A topic once reserved for high school geometry, the Pythagorean theorem is now part and parcel of the middle school curriculum. These resources offer visual demonstrations that can make the abstract theorem more concrete for students and lead them in analyzing the mathematical relationships involved, as recommended by the Principles and Standards for School Mathematics. The last resource offers background information on Pythagoras himself.
Pythagorean Theorem (Grades 6-8)
Using this virtual manipulative, students move squares and triangles to demonstrate the validity of the Pythagorean theorem. This manipulative is not a proof, but a good introduction to the topic, nevertheless.
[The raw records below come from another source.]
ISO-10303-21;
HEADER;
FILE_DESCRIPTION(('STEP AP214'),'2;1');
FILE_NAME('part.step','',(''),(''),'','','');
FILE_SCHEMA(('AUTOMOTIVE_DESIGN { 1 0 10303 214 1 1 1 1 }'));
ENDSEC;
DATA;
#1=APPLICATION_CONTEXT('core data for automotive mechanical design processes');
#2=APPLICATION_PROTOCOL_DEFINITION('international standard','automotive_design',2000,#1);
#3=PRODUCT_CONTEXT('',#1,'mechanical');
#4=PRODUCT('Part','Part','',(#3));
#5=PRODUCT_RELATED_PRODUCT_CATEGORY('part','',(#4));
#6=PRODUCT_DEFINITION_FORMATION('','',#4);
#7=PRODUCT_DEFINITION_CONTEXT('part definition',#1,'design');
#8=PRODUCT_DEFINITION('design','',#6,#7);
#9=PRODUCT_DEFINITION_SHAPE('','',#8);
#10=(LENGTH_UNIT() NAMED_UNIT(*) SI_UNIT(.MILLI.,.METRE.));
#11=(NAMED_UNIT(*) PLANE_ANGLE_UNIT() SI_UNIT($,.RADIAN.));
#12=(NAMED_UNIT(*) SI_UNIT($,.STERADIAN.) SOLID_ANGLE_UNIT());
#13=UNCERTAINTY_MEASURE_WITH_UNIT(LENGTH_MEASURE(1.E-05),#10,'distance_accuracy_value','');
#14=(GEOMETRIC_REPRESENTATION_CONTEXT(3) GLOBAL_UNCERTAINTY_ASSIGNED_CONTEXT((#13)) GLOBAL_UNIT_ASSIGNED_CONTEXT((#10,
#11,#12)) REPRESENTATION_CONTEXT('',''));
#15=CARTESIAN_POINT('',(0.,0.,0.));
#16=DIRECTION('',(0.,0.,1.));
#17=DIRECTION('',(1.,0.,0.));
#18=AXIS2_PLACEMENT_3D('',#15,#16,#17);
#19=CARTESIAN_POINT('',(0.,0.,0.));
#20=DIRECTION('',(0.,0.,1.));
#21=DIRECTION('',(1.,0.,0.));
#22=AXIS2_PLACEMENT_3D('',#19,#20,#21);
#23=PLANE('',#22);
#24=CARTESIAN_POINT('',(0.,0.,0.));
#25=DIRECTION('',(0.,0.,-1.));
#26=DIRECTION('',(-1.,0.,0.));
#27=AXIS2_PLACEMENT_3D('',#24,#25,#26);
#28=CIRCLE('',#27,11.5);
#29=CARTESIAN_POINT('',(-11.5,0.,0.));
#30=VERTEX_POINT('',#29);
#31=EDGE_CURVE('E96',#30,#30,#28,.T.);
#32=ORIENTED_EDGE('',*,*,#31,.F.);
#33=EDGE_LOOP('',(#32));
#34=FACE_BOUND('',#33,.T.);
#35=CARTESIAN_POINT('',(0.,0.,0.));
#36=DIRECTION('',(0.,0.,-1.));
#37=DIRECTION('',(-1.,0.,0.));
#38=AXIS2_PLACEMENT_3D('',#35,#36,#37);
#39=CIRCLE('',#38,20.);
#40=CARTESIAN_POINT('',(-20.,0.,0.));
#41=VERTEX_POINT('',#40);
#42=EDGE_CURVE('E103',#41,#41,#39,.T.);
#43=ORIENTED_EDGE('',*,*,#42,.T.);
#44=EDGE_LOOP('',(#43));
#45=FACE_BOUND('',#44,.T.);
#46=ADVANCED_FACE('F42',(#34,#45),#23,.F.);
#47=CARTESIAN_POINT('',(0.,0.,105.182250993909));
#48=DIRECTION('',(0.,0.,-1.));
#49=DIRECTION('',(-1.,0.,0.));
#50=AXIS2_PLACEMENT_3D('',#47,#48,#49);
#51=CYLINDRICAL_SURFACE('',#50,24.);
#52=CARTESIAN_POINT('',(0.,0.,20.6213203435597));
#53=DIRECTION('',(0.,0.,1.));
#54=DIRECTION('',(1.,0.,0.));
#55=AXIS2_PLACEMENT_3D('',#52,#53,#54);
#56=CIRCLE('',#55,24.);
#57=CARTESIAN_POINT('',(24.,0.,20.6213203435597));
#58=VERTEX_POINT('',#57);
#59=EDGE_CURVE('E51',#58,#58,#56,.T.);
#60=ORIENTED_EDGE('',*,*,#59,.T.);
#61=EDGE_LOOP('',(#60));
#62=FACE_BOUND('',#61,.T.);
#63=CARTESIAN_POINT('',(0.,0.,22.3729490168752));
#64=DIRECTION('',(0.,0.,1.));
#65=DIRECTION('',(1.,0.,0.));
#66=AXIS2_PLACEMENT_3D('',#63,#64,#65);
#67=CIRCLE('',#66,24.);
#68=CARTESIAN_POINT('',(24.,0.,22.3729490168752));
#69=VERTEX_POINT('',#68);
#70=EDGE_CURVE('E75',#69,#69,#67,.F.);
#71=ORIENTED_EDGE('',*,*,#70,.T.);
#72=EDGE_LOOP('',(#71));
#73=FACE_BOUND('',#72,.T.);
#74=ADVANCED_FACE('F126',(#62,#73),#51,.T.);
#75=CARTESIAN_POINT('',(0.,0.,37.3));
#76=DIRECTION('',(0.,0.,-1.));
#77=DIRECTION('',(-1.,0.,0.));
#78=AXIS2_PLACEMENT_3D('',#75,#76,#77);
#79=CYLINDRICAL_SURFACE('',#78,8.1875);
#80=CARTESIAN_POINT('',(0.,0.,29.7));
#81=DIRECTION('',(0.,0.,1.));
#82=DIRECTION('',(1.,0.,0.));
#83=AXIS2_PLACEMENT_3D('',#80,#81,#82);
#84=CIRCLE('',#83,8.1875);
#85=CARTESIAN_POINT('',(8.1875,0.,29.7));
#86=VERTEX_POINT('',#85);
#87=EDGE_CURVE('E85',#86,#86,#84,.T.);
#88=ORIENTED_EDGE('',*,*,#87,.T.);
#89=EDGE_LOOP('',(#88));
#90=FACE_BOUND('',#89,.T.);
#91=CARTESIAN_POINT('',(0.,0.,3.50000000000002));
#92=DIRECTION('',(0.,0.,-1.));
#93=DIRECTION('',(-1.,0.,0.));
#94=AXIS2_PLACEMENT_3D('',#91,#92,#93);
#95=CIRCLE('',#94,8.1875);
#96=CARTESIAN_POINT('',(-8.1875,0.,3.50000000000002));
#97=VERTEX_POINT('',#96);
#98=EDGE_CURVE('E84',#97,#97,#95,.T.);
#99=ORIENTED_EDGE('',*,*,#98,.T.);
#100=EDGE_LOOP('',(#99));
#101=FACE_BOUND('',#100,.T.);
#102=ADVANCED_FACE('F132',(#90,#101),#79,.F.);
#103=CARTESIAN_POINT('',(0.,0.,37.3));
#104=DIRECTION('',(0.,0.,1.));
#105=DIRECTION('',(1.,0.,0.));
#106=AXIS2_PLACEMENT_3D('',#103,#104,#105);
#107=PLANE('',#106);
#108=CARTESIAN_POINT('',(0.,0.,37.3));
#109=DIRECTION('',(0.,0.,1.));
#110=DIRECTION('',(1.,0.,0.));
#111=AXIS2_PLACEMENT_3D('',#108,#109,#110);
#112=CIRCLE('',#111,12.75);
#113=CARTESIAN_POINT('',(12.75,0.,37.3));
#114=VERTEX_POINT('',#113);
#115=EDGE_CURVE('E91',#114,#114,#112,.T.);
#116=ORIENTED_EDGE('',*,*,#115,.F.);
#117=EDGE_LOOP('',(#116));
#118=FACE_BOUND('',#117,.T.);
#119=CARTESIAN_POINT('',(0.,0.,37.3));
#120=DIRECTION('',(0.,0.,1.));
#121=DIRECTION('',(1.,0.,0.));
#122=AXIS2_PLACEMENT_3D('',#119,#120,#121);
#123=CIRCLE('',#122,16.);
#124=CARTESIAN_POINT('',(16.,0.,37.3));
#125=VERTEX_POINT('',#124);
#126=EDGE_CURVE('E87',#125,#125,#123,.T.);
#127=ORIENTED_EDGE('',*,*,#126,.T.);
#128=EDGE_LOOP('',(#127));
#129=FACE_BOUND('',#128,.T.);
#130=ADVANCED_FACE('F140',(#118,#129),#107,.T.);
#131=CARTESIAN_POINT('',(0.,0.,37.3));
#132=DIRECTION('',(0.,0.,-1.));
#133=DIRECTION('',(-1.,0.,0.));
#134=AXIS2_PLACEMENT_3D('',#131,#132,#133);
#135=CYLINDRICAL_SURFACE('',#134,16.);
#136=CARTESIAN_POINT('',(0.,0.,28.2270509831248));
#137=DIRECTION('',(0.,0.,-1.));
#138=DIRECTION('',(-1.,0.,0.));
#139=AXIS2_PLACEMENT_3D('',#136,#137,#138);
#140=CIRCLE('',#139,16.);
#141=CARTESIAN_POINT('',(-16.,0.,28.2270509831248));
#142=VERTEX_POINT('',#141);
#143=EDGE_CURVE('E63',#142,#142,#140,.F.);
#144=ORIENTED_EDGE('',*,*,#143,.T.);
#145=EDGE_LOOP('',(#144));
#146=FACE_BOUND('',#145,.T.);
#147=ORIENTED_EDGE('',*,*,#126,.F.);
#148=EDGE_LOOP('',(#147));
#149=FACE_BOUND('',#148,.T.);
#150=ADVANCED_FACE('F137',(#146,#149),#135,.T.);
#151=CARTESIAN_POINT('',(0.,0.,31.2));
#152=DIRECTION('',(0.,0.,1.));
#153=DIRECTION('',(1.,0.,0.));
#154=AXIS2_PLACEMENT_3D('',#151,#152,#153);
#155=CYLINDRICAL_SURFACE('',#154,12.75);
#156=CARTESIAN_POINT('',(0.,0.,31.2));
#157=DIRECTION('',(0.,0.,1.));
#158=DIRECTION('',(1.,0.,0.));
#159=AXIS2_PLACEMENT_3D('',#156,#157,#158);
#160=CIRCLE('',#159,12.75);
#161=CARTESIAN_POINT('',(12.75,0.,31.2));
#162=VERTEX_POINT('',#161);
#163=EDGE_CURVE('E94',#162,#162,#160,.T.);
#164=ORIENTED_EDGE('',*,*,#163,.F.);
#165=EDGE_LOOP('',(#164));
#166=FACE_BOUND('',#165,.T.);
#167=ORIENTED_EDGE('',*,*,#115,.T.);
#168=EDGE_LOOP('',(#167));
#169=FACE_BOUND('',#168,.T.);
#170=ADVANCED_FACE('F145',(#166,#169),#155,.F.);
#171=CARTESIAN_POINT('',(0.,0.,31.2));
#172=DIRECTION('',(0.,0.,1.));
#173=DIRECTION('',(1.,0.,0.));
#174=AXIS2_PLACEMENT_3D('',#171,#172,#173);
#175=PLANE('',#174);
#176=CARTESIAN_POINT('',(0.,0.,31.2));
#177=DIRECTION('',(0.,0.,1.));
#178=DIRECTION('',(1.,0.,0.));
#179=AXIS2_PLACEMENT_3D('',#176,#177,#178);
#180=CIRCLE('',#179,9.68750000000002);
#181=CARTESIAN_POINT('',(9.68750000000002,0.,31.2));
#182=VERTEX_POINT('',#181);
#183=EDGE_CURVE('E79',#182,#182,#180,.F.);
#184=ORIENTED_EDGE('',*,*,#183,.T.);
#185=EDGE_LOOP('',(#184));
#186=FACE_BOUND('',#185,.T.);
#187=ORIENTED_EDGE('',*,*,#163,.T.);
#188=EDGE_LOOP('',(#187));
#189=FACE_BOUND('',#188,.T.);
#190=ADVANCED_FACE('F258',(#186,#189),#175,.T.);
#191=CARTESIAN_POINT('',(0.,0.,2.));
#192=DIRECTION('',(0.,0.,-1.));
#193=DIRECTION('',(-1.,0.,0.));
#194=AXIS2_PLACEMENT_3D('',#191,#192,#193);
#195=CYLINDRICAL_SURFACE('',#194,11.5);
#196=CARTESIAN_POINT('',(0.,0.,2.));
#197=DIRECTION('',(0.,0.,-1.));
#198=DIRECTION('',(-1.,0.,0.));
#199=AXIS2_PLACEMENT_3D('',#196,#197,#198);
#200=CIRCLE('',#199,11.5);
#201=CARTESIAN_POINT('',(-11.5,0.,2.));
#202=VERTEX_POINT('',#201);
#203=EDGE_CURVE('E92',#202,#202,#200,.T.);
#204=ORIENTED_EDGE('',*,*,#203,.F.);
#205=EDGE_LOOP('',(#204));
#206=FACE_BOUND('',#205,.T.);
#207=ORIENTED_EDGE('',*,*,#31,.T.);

Pythagorean Theorem (Manipula Math)
These 19 applets deal with various aspects of the theorem and its uses. The first nine involve visual, informal proofs of the Pythagorean theorem; they allow students to define any right triangle, then move pieces to show that the two squares on the legs really do have the same area as the square on the hypotenuse. Other applets show a “Pythagoras tree” and problems (interactive, of course) that can be solved using the theorem.
Pythagoras of Samos
This online biography of the famous mathematician is from the MacTutor History of Mathematics Archive. What is known, or guessed, of his life and his work is noted here. Referring to the famous geometric theorem, the biographer states, “Although the theorem, now known as Pythagoras’s theorem, was known to the Babylonians 1,000 years earlier, he may have been the first to prove it.” This is a professional rather than a student resource.